Entre el 6 y el 9 de junio tendrán lugar las elecciones al Parlamento Europeo, la única institución genuinamente democrática en el entramado institucional comunitario; sus integrantes los elige directamente la ciudadanía, el resto son de naturaleza intergubernamental. Un buen momento para pensar los retos a los que se enfrenta la Unión Europea (UE) y, diría más, el conjunto del planeta.

Lo primero que hay que desmontar es la falacia –que a fuerza de ser repetida una y otra vez no la convierte en verdadera– de que reforzar la integración económica, consumando un proceso de largo recorrido que empezó mucho antes de la implantación de la moneda única, es beneficioso para todos, especialmente para las economías más rezagadas y para los colectivos más desfavorecidos. Desde esta perspectiva, la convergencia habría sido el motor y el resultado de la construcción europea.

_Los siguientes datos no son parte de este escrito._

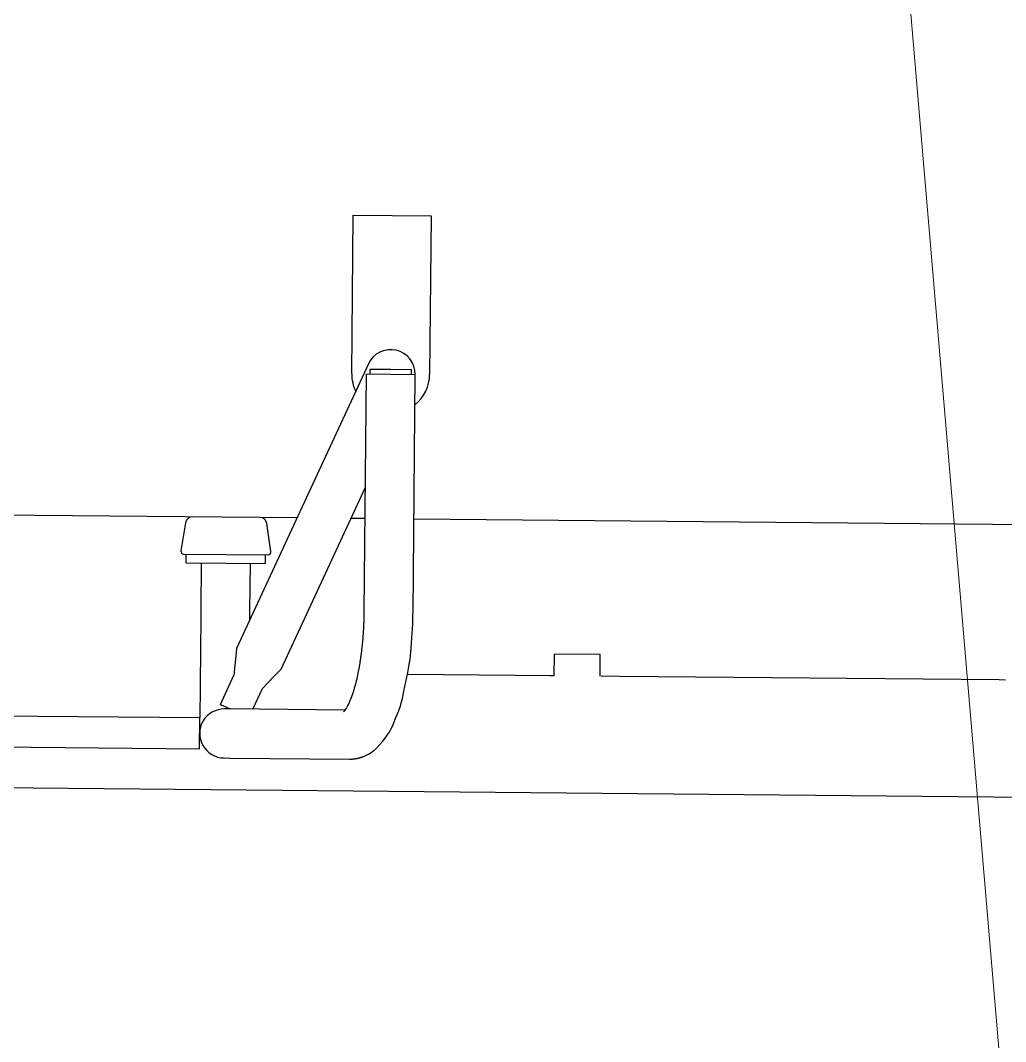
# Model space of a CAD drawing. Header units: millimetres. Extents: x -2078669 to -1085629, y -5987148 to 310365.
# Drawn here: x -1709595 to -1708913, y -2252001 to -2251294 of the extents above; entities that cross this region are included whole.
import ezdxf

# ---------------------------------------------------------------- set-up
doc = ezdxf.new("R2010")
doc.units = ezdxf.units.MM
doc.header["$LTSCALE"] = 500
for name, color, linetype, lineweight in [('D-BGD', 7, 'Continuous', 13), ('D-BYP-STR8', 5, 'Continuous', 25), ('D-BYP-STRB', 5, 'Continuous', 25), ('D-BYP-STRC', 1, 'Continuous', 13)]:
    doc.layers.add(name, color=color, linetype=linetype, lineweight=lineweight)
doc.styles.add('MS ゴシック', font='MS Gothic.ttf')
doc.dimstyles.new('DIM-500-F', dxfattribs={"dimscale": 500, "dimtxt": 3.5, "dimasz": 2.5, "dimexe": 0, "dimexo": 2, "dimgap": 0.8, "dimtad": 1, "dimdec": 0, "dimzin": 0, "dimdsep": 46, "dimtxsty": 'MS ゴシック', "dimblk": 'OPEN', "dimcen": 0.1, "dimclrd": 256, "dimclre": 256, "dimclrt": 256, "dimaunit": 1, "dimadec": 4, "dimazin": 0, "dimtfac": 1, "dimtdec": 0, "dimtmove": 2, "dimatfit": 3, "dimldrblk": 'OPEN', "dimfxl": 1, "dimtolj": 1, "dimtzin": 0, "dimlwd": -1, "dimlwe": -1, "dimarcsym": 2})

# ---------------------------------------------------------------- blocks, each defined once
blk = doc.blocks.new('河川平面')
at = {"layer": 'D-BGD', "linetype": 'Continuous', "extrusion": (0.8798449066136128, 0.09113639208945255, 0.4664408840817888), "elevation": 1326280.533762363}
blk.add_lwpolyline([(-2950345.844382694, -283885.3775817208), (-2934237.472997722, -284529.7712730918), (-2917933.656064425, -285106.3340495988)], dxfattribs=at)
blk = doc.blocks.new('_Open')
at = {"color": 0, "linetype": 'ByBlock', "lineweight": -2}
for p, q in [((-1, 0.1666666666666667), (0, 0)), ((-1, -0.1666666666666667), (0, 0)), ((0, 0), (-1, 0))]:
    blk.add_line(p, q, dxfattribs=at)

msp = doc.modelspace()

# ---------------------------------------------------------------- linework, layer by layer
at = {"layer": 'D-BYP-STR8'}
msp.add_circle((-1706874.670936102, -2250448.978348195), 16000, dxfattribs=at)
at = {"layer": 'D-BYP-STRB', "linetype": 'Continuous'}
for p, q in [((-1709365.86463925, -2251538.483806902), (-1709364.847826918, -2251428.488506582)), ((-1709364.847826918, -2251428.488506582), (-1709310.850134034, -2251428.987668999)), ((-1709310.850134034, -2251428.987668999), (-1709311.866946365, -2251538.982969319)), ((-1709354.291840878, -2251531.588437141), (-1709390.011200202, -2251608.719107036)), ((-1709355.851673482, -2251538.581217179), (-1709357.376885882, -2251703.573507964)), ((-1709355.851343699, -2251538.580435955), (-1709321.852796327, -2251538.894723403)), ((-1709353.321870515, -2251535.403682044), (-1709353.35145051, -2251538.603545326)), ((-1709338.822489818, -2251535.537716399), (-1709353.321870515, -2251535.403682044)), ((-1709324.323109521, -2251535.671750749), (-1709338.822489818, -2251535.537716399)), ((-1709324.352689516, -2251538.871614031), (-1709324.323109521, -2251535.671750749)), ((-1709323.377643576, -2251703.887801835), (-1709321.852431177, -2251538.895511051)), ((-1709390.011200202, -2251608.719107036), (-1709445.630059009, -2251728.815126578)), ((-1709359.159309619, -2251623.007588387), (-1709356.580307708, -2251617.437285752)), ((-1709414.778168425, -2251743.10360793), (-1709359.159309619, -2251623.007588387)), ((-1709875.890443925, -2251633.773327835), (-1709403.636308317, -2251638.138912794)), ((-1709366.326864622, -2251638.483806643), (-1709356.776003508, -2251638.572096173)), ((-1709322.776761203, -2251638.886390044), (-1708487.826568805, -2251646.604789371)), ((-1709480.961868776, -2251641.668064162), (-1709484.134846009, -2251661.095735546)), ((-1709421.846465621, -2251661.671538268), (-1709424.659746942, -2251642.188529051)), ((-1709482.179485723, -2251663.418023991), (-1709423.844423214, -2251663.957281675)), ((-1709480.566242039, -2251669.433193404), (-1709480.510779548, -2251663.43344975)), ((-1709480.566242039, -2251669.433193404), (-1709425.568591879, -2251669.94159957)), ((-1709470.066706297, -2251669.530138534), (-1709470.371752202, -2251702.528967214)), ((-1709425.568591879, -2251669.94159957), (-1709425.513129388, -2251663.941855916)), ((-1709436.372509896, -2251702.843261085), (-1709436.067463991, -2251669.844432405)), ((-1709470.371752202, -2251702.528967214), (-1709470.407125714, -2251706.355736803)), ((-1709436.396863196, -2251705.419939492), (-1709436.392652117, -2251704.971994822)), ((-1709436.392652117, -2251704.971994822), (-1709436.388572108, -2251704.539126513)), ((-1709436.388572108, -2251704.539126513), (-1709436.384690935, -2251704.1282583)), ((-1709436.384690935, -2251704.1282583), (-1709436.381076362, -2251703.746313917)), ((-1709436.381076362, -2251703.746313917), (-1709436.377796154, -2251703.400217097)), ((-1709436.377796154, -2251703.400217097), (-1709436.374918077, -2251703.096891575)), ((-1709436.374918077, -2251703.096891575), (-1709436.372509896, -2251702.843261085)), ((-1709357.392838418, -2251704.943154952), (-1709357.393537101, -2251704.992849236)), ((-1709357.392111878, -2251704.891147743), (-1709357.392838418, -2251704.943154952)), ((-1709357.391368069, -2251704.837656328), (-1709357.392111878, -2251704.891147743)), ((-1709357.390622912, -2251704.783841485), (-1709357.391368069, -2251704.837656328)), ((-1709357.389892331, -2251704.730863996), (-1709357.390622912, -2251704.783841485)), ((-1709357.389192245, -2251704.67988464), (-1709357.389892331, -2251704.730863996)), ((-1709357.388538577, -2251704.6320642), (-1709357.389192245, -2251704.67988464)), ((-1709357.387947248, -2251704.588563455), (-1709357.388538577, -2251704.6320642)), ((-1709357.38743418, -2251704.550543186), (-1709357.387947248, -2251704.588563455)), ((-1709357.385613483, -2251704.408127577), (-1709357.38743418, -2251704.550543186)), ((-1709357.385440523, -2251704.393637864), (-1709357.385613483, -2251704.408127577)), ((-1709357.384649422, -2251704.3283237), (-1709357.385440523, -2251704.393637864)), ((-1709357.383543147, -2251704.236853834), (-1709357.384649422, -2251704.3283237)), ((-1709357.383305663, -2251704.216886281), (-1709357.383543147, -2251704.236853834)), ((-1709357.383076043, -2251704.197395609), (-1709357.383305663, -2251704.216886281)), ((-1709357.382852115, -2251704.178198352), (-1709357.383076043, -2251704.197395609)), ((-1709357.382631707, -2251704.159111043), (-1709357.382852115, -2251704.178198352)), ((-1709357.382412647, -2251704.139950213), (-1709357.382631707, -2251704.159111043)), ((-1709357.382192763, -2251704.120532396), (-1709357.382412647, -2251704.139950213)), ((-1709357.381969885, -2251704.100674125), (-1709357.382192763, -2251704.120532396)), ((-1709357.381741838, -2251704.080191932), (-1709357.381969885, -2251704.100674125)), ((-1709357.381507557, -2251704.059003513), (-1709357.381741838, -2251704.080191932)), ((-1709357.381270392, -2251704.037431221), (-1709357.381507557, -2251704.059003513)), ((-1709357.381034799, -2251704.015898573), (-1709357.381270392, -2251704.037431221)), ((-1709357.380805235, -2251703.994829084), (-1709357.381034799, -2251704.015898573)), ((-1709357.380586154, -2251703.974646271), (-1709357.380805235, -2251703.994829084)), ((-1709357.380382014, -2251703.95577365), (-1709357.380586154, -2251703.974646271)), ((-1709357.380197269, -2251703.938634736), (-1709357.380382014, -2251703.95577365)), ((-1709357.380036375, -2251703.923653047), (-1709357.380197269, -2251703.938634736)), ((-1709357.379902301, -2251703.911112996), (-1709357.380036375, -2251703.923653047)), ((-1709357.379792064, -2251703.900742586), (-1709357.379902301, -2251703.911112996)), ((-1709357.379701193, -2251703.892130719), (-1709357.379792064, -2251703.900742586)), ((-1709357.379625218, -2251703.884866296), (-1709357.379701193, -2251703.892130719)), ((-1709357.379559668, -2251703.878538217), (-1709357.379625218, -2251703.884866296)), ((-1709357.379500073, -2251703.872735384), (-1709357.379559668, -2251703.878538217)), ((-1709357.379441962, -2251703.867046698), (-1709357.379500073, -2251703.872735384)), ((-1709357.379380865, -2251703.861061059), (-1709357.379441962, -2251703.867046698)), ((-1709357.379313272, -2251703.854455914), (-1709357.379380865, -2251703.861061059)), ((-1709357.379239525, -2251703.847262891), (-1709357.379313272, -2251703.854455914)), ((-1709357.379160923, -2251703.839602162), (-1709357.379239525, -2251703.847262891)), ((-1709357.379078768, -2251703.831593898), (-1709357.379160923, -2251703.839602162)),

No ha sido así. La Europa realmente existente, la que debería estar en el epicentro de todos los debates, nada tiene que ver con esa visión idealizada y, por lo tanto, falsa. Las divergencias entre las economías y las regiones, entre las del centro y las periferias, y las desigualdades de renta y riqueza se han mantenido en niveles elevados o incluso se han recrudecido.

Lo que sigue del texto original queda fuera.